[INSTRUCTIONS FOR THE TASK]
For every line in the records that has the word "Boss", make a copy.

[DATA FOR ANALYSIS]
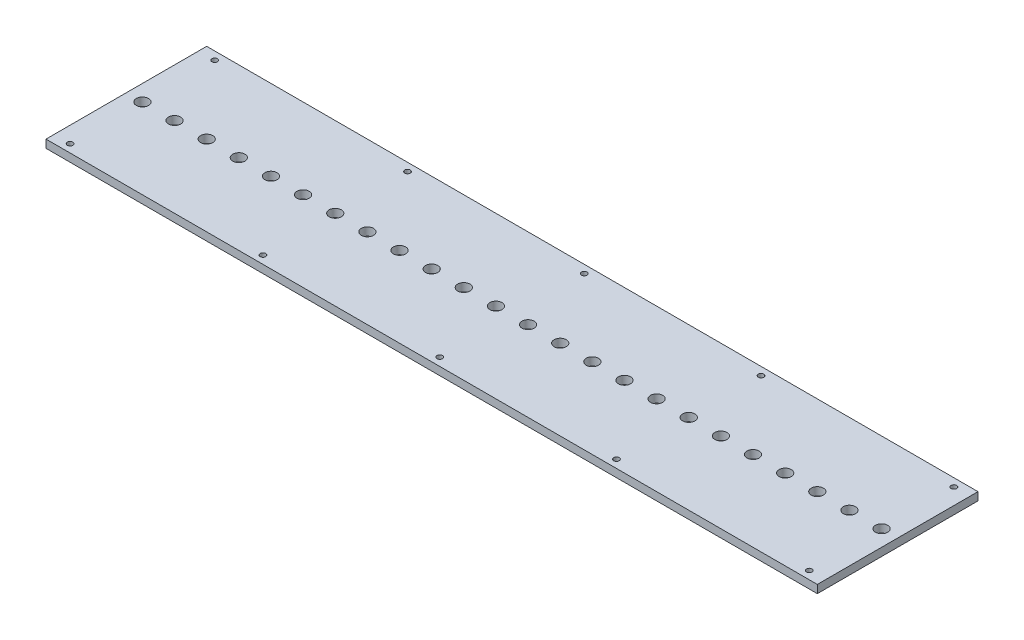
SolidWorks part; units mm, degrees
ref_plane "Front Plane" through (0, 0, 0) normal (0, 0, 1) x (1, 0, 0)
ref_plane "Top Plane" through (0, 0, 0) normal (0, 1, 0) x (1, 0, 0)
ref_plane "Right Plane" through (0, 0, 0) normal (1, 0, 0) x (0, 0, -1)
sketch "Sketch2" plane through (0, 0, 0) normal (0, 1, 0) x (1, 0, 0)
  line L0 (0, 0) -> (0, 127)
  line L1 (0, 127) -> (609.6, 127)
  line L2 (609.6, 127) -> (609.6, 0)
  line L3 (609.6, 0) -> (0, 0)
  circle A0 centre (12.7, 63.5) radius 4.826
  circle A1 centre (38.1, 63.5) radius 4.826
  circle A2 centre (63.5, 63.5) radius 4.826
  circle A3 centre (88.9, 63.5) radius 4.826
  circle A4 centre (114.3, 63.5) radius 4.826
  circle A5 centre (139.7, 63.5) radius 4.826
  circle A6 centre (165.1, 63.5) radius 4.826
  circle A7 centre (190.5, 63.5) radius 4.826
  circle A8 centre (215.9, 63.5) radius 4.826
  circle A9 centre (241.3, 63.5) radius 4.826
  circle A10 centre (266.7, 63.5) radius 4.826
  circle A11 centre (292.1, 63.5) radius 4.826
  circle A12 centre (317.5, 63.5) radius 4.826
  circle A13 centre (342.9, 63.5) radius 4.826
  circle A14 centre (368.3, 63.5) radius 4.826
  circle A15 centre (393.7, 63.5) radius 4.826
  circle A16 centre (419.1, 63.5) radius 4.826
  circle A17 centre (444.5, 63.5) radius 4.826
  circle A18 centre (469.9, 63.5) radius 4.826
  circle A19 centre (495.3, 63.5) radius 4.826
  circle A20 centre (520.7, 63.5) radius 4.826
  circle A21 centre (546.1, 63.5) radius 4.826
  circle A22 centre (571.5, 63.5) radius 4.826
  circle A23 centre (596.9, 63.5) radius 4.826
  dimension "D3" = 12.7
  dimension "D5" = 9.652
  dimension "D1" = 127
  dimension "D2" = 609.6
  dimension "D4" = 24
extrude "Boss-Extrude1" add sketch "Sketch2" along normal blind 6.35
sketch "Sketch3" plane through (0, 6.35, 0) normal (0, 1, 0) x (1, 0, 0)
  line L1 (12.7, 120.65) -> (596.9, 120.65) construction
  line L2 (596.9, 120.65) -> (596.9, 6.35) construction
  line L3 (596.9, 6.35) -> (12.7, 6.35) construction
  line L4 (12.7, 6.35) -> (12.7, 120.65) construction
  line L5 (165.1, 120.65) -> (165.1, 6.35) construction
  line L6 (304.8, 120.65) -> (304.8, 6.35) construction
  line L7 (444.5, 120.65) -> (444.5, 6.35) construction
  line L8 (0, 127) -> (0, 0) construction
  line L9 (0, 0) -> (609.6, 0) construction
  circle A0 centre (12.7, 120.65) radius 2.1828
  circle A1 centre (165.1, 120.65) radius 2.1828
  circle A2 centre (304.8, 120.65) radius 2.1828
  circle A3 centre (444.5, 120.65) radius 2.1828
  circle A4 centre (596.9, 120.65) radius 2.1828
  circle A5 centre (596.9, 6.35) radius 2.1828
  circle A6 centre (444.5, 6.35) radius 2.1828
  circle A7 centre (304.8, 6.35) radius 2.1828
  circle A8 centre (165.1, 6.35) radius 2.1828
  circle A9 centre (12.7, 6.35) radius 2.1828
  dimension "D1" = 12.7
  dimension "D8" = 4.3656
  dimension "D2" = 6.35
  dimension "D3" = 120.65
  dimension "D4" = 596.9
  dimension "D5" = 165.1
  dimension "D6" = 304.8
  dimension "D7" = 444.5
extrude "Cut-Extrude1" cut sketch "Sketch3" against normal up to surface (6.35 mm away) up to face at (520.7, 0, -58.674)
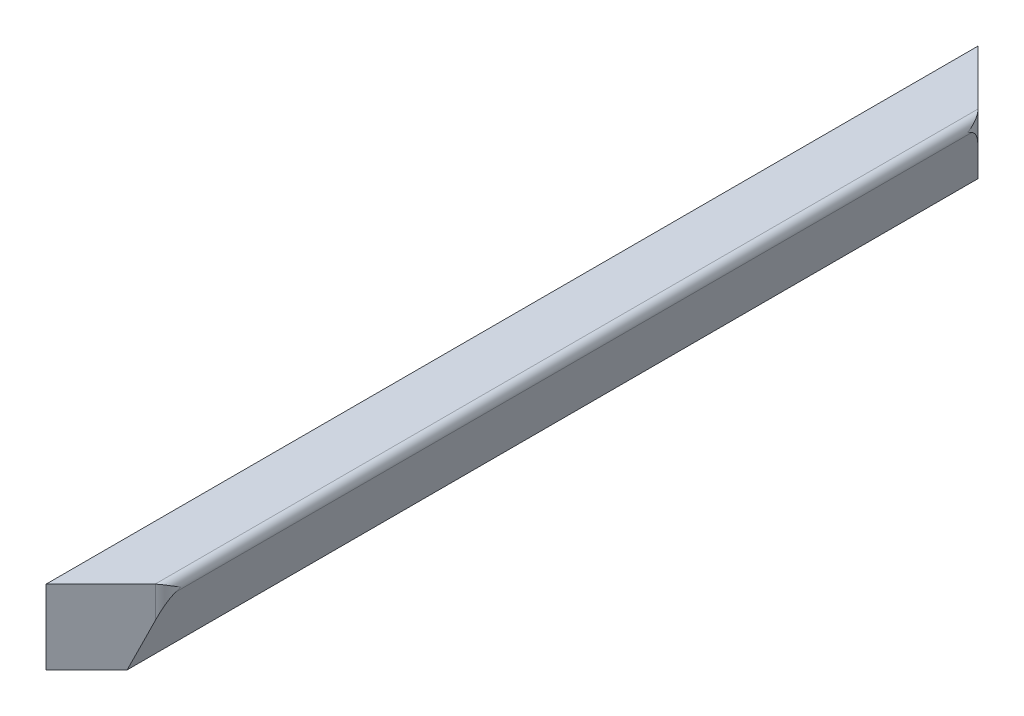
SolidWorks part; units mm, degrees
ref_plane "Alzado" through (0, 0, 0) normal (0, 0, 1) x (1, 0, 0)
ref_plane "Planta" through (0, 0, 0) normal (0, 1, 0) x (1, 0, 0)
ref_plane "Vista lateral" through (0, 0, 0) normal (1, 0, 0) x (0, 0, -1)
sketch "Croquis1" plane through (0, 0, 0) normal (0, 0, 1) x (1, 0, 0)
  line L0 (-24.95, 2.07) -> (-24.95, 5)
  line L1 (-24.95, 5) -> (-22.8, 5)
  line L3 (-24.95, 4.7) -> (-22.5, 4.7) construction
  line L4 (-22.515, 4.6062) -> (-23.35, 2.07)
  line L5 (-23.35, 2.07) -> (-24.95, 2.07)
  arc A0 (-22.8, 5) -> (-22.515, 4.6062) centre (-22.8, 4.7) cw
  dimension "D2" = 0.3
  dimension "D1" = 2.45
  dimension "D3" = 2.93
  dimension "D4" = 0.85
extrude "Saliente-Extruir1" add sketch "Croquis1" against normal blind 36.7642
sketch "Croquis3" plane through (0, 5, 0) normal (0, 1, 0) x (1, 0, 0)
  line L0 (-24.95, 36.7642) -> (-22.7929, 34.6071)
  line L1 (-22.5, 0) -> (-22.5, 36.7642) construction
  line L2 (-22.5, 0) -> (-22.5, 36.7642) construction
  line L3 (-22.5, 33.9) -> (-22.5, 2.8642)
  line L4 (-22.7929, 2.1571) -> (-24.95, 0)
  line L5 (-24.95, 0) -> (-24.95, -1.3539)
  line L6 (-24.95, -1.3539) -> (-20.6762, -1.3539)
  line L7 (-20.6762, -1.3539) -> (-20.6762, 38.5719)
  line L8 (-20.6762, 38.5719) -> (-24.95, 38.5719)
  line L9 (-24.95, 38.5719) -> (-24.95, 36.7642)
  line L10 (-24.95, 36.7642) -> (-24.95, 0) construction
  arc A0 (-22.7929, 2.1571) -> (-22.5, 2.8642) centre (-23.5, 2.8642) ccw
  arc A1 (-22.5, 33.9) -> (-22.7929, 34.6071) centre (-23.5, 33.9) ccw
  point P16 (-22.5, 2.45)
  point P19 (-22.5, 34.3142)
  dimension "D3" = 1
  dimension "D1" = 45
  dimension "D2" = 45
extrude "Cortar-Extruir1" cut sketch "Croquis3" against normal up to surface (2.93 mm away) up to face at (-24.15, 2.07, -18.3821)
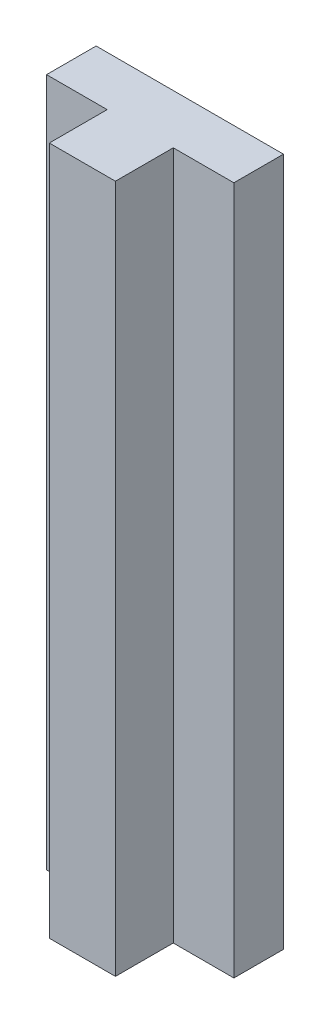
SolidWorks part; units mm, degrees
ref_plane "Alzado" through (0, 0, 0) normal (0, 0, 1) x (1, 0, 0)
ref_plane "Planta" through (0, 0, 0) normal (0, 1, 0) x (1, 0, 0)
ref_plane "Vista lateral" through (0, 0, 0) normal (1, 0, 0) x (0, 0, -1)
sketch "Croquis1" plane through (0, 0, 0) normal (0, 1, 0) x (1, 0, 0)
  line L0 (-18.451, 0) -> (18.451, 0) construction
  line L1 (0, 14.6078) -> (0, -14.6078) construction
  line L2 (-2.6, 0) -> (-2.6, 4) construction
  line L3 (-2.6, 4) -> (-7, 4) construction
  line L4 (-7, 4) -> (-7, 8) construction
  line L5 (-7, 8) -> (0, 8) construction
  line L6 (-2.4, 0) -> (-2.4, 4.2)
  line L7 (-2.4, 4.2) -> (-6.8, 4.2)
  line L8 (-6.8, 4.2) -> (-6.8, 7.8)
  line L9 (-6.8, 7.8) -> (0, 7.8)
  line L10 (-2.4, 0) -> (2.4, 0)
  line L11 (6.8, 7.8) -> (0, 7.8)
  line L12 (6.8, 4.2) -> (6.8, 7.8)
  line L13 (2.4, 4.2) -> (6.8, 4.2)
  line L14 (2.4, 0) -> (2.4, 4.2)
  point P6 (0, 0)
  point P17 (0, 0)
  dimension "D1" = 7
  dimension "D2" = 4
  dimension "D3" = 4
  dimension "D4" = 4.4
  dimension "D5" = 0.2
extrude "Saliente-Extruir1" add sketch "Croquis1" along normal blind 50
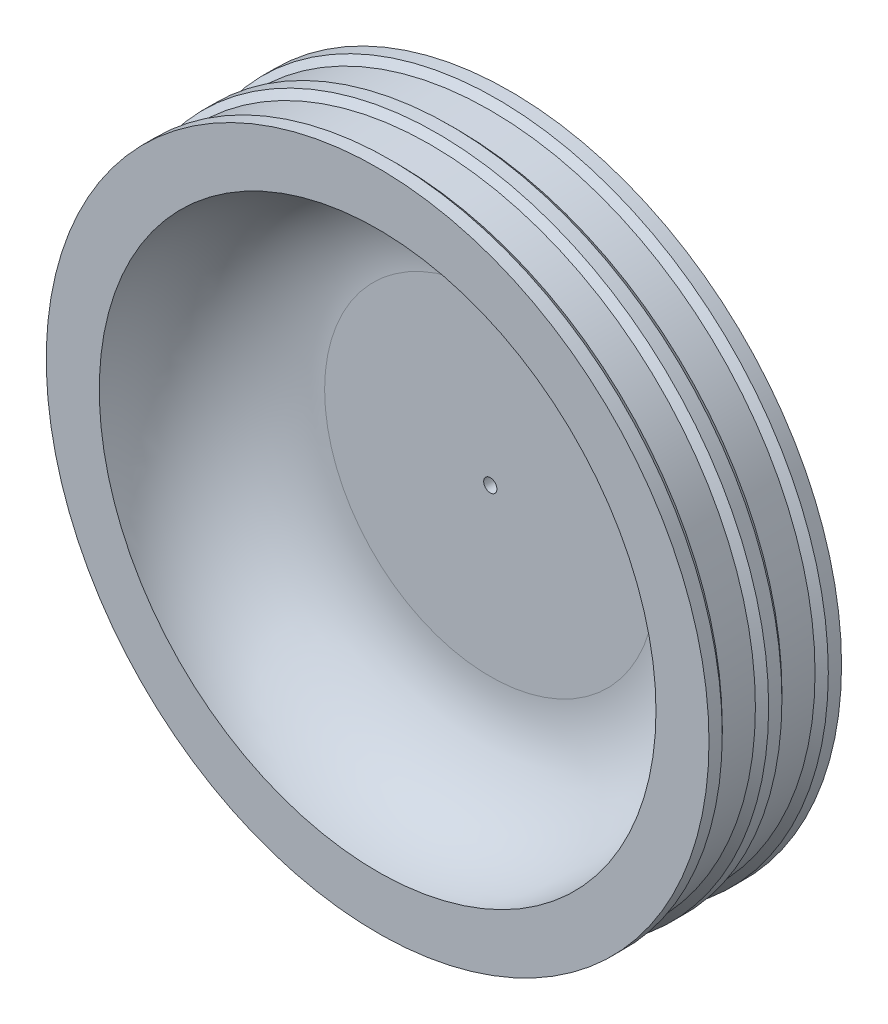
SolidWorks part; units mm, degrees
ref_plane "Front Plane" through (0, 0, 0) normal (0, 0, 1) x (1, 0, 0)
ref_plane "Top Plane" through (0, 0, 0) normal (0, 1, 0) x (1, 0, 0)
ref_plane "Right Plane" through (0, 0, 0) normal (1, 0, 0) x (0, 0, -1)
sketch "Sketch1" plane through (0, 0, 0) normal (0, 0, 1) x (1, 0, 0)
  circle A0 centre (0, 0) radius 50
  circle A1 centre (0, 0) radius 1
  dimension "D1" = 100
  dimension "D2" = 2
extrude "Boss-Extrude1" add sketch "Sketch1" along normal blind 20
sketch "Sketch2" plane through (0, 0, 0) normal (1, 0, 0) x (0, 0, -1)
  line L0 (-18, 50) -> (-17, 49)
  line L1 (0, 50) -> (-20, 50) construction
  line L2 (-17, 49) -> (-12, 49)
  line L3 (-12, 49) -> (-11, 50)
  line L4 (-10, -1000) -> (-10, 49000) construction
  line L5 (-9, 50) -> (-8, 49)
  line L6 (-8, 49) -> (-3, 49)
  line L7 (-3, 49) -> (-2, 50)
  line L8 (-18, 50) -> (-11, 50)
  line L9 (-9, 50) -> (-2, 50)
  line L11 (-20, 50) -> (-20, -50) construction
  line L12 (-1011.8585, 0) -> (48988.1415, 0) construction
  dimension "D1" = 7
  dimension "D2" = 7
  dimension "D3" = 5
  dimension "D4" = 5
  dimension "D5" = 1
  dimension "D6" = 10
  dimension "D7" = 2
revolve "Cut-Revolve1" cut sketch "Sketch2" angle 360 about L12
sketch "Sketch4" plane through (0, 0, 0) normal (1, 0, 0) x (0, 0, -1)
  line L0 (-9, -1000) -> (-9, 49000) construction
  line L1 (-9, 50) -> (-9, -50) construction
  line L2 (-20, 50) -> (-20, -50) construction
  line L3 (-3, 0) -> (-3, 25)
  line L4 (11, 0) -> (-11, 0) construction
  line L6 (-1013, 42) -> (48987, 42) construction
  line L7 (-20, 42) -> (-20, 0)
  line L8 (-20, 0) -> (-3, 0)
  line L9 (-1012, 0) -> (48988, 0) construction
  line L11 (-3, 49) -> (-3, -49) construction
  arc A0 (-3, 25) -> (-20, 42) centre (-20, 25) ccw
  point P5 (-9, 0)
  point P11 (-3, 29.7352)
  point P16 (-12, 36.4463)
  point P20 (0, 0)
  point P22 (-12, 36.2398)
  point P23 (0, 0)
  point P25 (-3, 0)
  dimension "D1" = 11
  dimension "D2" = 8
revolve "Cut-Revolve2" cut sketch "Sketch4" angle 360 about L9

[ANSWER FOR THE TASK]
extrude "Boss-Extrude1" add sketch "Sketch2" along normal blind 6.35
extrude "Boss-Extrude1" add sketch "Sketch1" along normal blind 20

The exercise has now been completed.